Exercise prompt
Below are records; copy every line in them that holds the word "part".

Records for this exercise
==========

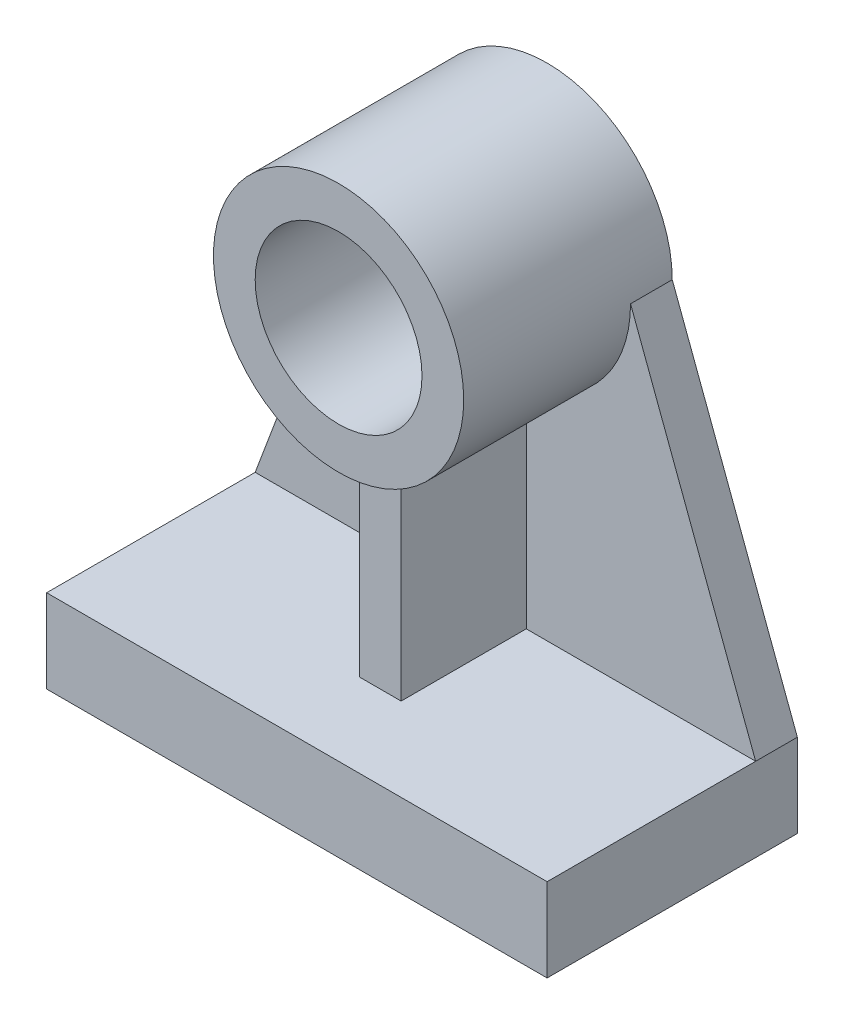
from build123d import *

# Parameters (mm, degrees)
SKETCH2_R            = 50.8
BOSS_EXTRUDE7_DEPTH  = 127
BOSS_EXTRUDE8_DEPTH  = 101.6
BOSS_EXTRUDE9_DEPTH  = 152.4
BOSS_EXTRUDE10_DEPTH = 25.4


with BuildPart() as part:
    # Sketch2 → Boss-Extrude7 (new body)
    with BuildSketch(Plane.XY):
        with BuildLine():
            ThreePointArc((76.2, 0), (0, 76.2), (-76.2, 0))
            ThreePointArc((-76.2, 0), (-58.198711326, -49.186888497), (-12.7, -75.134213245))
            ThreePointArc((-12.7, -75.134213245), (0, -76.2), (12.7, -75.134213245))
            ThreePointArc((12.7, -75.134213245), (58.198711326, -49.186888497), (76.2, 0))
        make_face()
        Circle(SKETCH2_R, mode=Mode.SUBTRACT)
    extrude(amount=BOSS_EXTRUDE7_DEPTH)

    # Sketch2<11> → Boss-Extrude8 (add)
    with BuildSketch(Plane.XY):
        with BuildLine():
            ThreePointArc((12.7, -75.134213245), (0, -76.2), (-12.7, -75.134213245))
            Line((-12.7, -75.134213245), (-12.7, -203.2))
            Line((-12.7, -203.2), (12.7, -203.2))
            Line((12.7, -203.2), (12.7, -75.134213245))
        make_face()
    extrude(amount=BOSS_EXTRUDE8_DEPTH)

    # Sketch2<12> → Boss-Extrude9 (add)
    with BuildSketch(Plane.XY):
        Polygon((-12.7, -203.2), (-152.4, -203.2), (-152.4, -254), (152.4, -254), (152.4, -203.2), (12.7, -203.2), align=None)
    extrude(amount=BOSS_EXTRUDE9_DEPTH)

    # Sketch2<13> → Boss-Extrude10 (add)
    with BuildSketch(Plane.XY):
        with BuildLine():
            ThreePointArc((-12.7, -75.134213245), (-58.198711326, -49.186888497), (-76.2, 0))
            Line((-76.2, 0), (-152.4, -203.2))
            Line((-152.4, -203.2), (-12.7, -203.2))
            Line((-12.7, -203.2), (-12.7, -75.134213245))
        make_face()
        with BuildLine():
            Line((152.4, -203.2), (76.2, 0))
            ThreePointArc((76.2, 0), (58.198711326, -49.186888497), (12.7, -75.134213245))
            Line((12.7, -75.134213245), (12.7, -203.2))
            Line((12.7, -203.2), (152.4, -203.2))
        make_face()
    extrude(amount=BOSS_EXTRUDE10_DEPTH)


solid = part.part

==========

Task result
with BuildPart() as part:
solid = part.part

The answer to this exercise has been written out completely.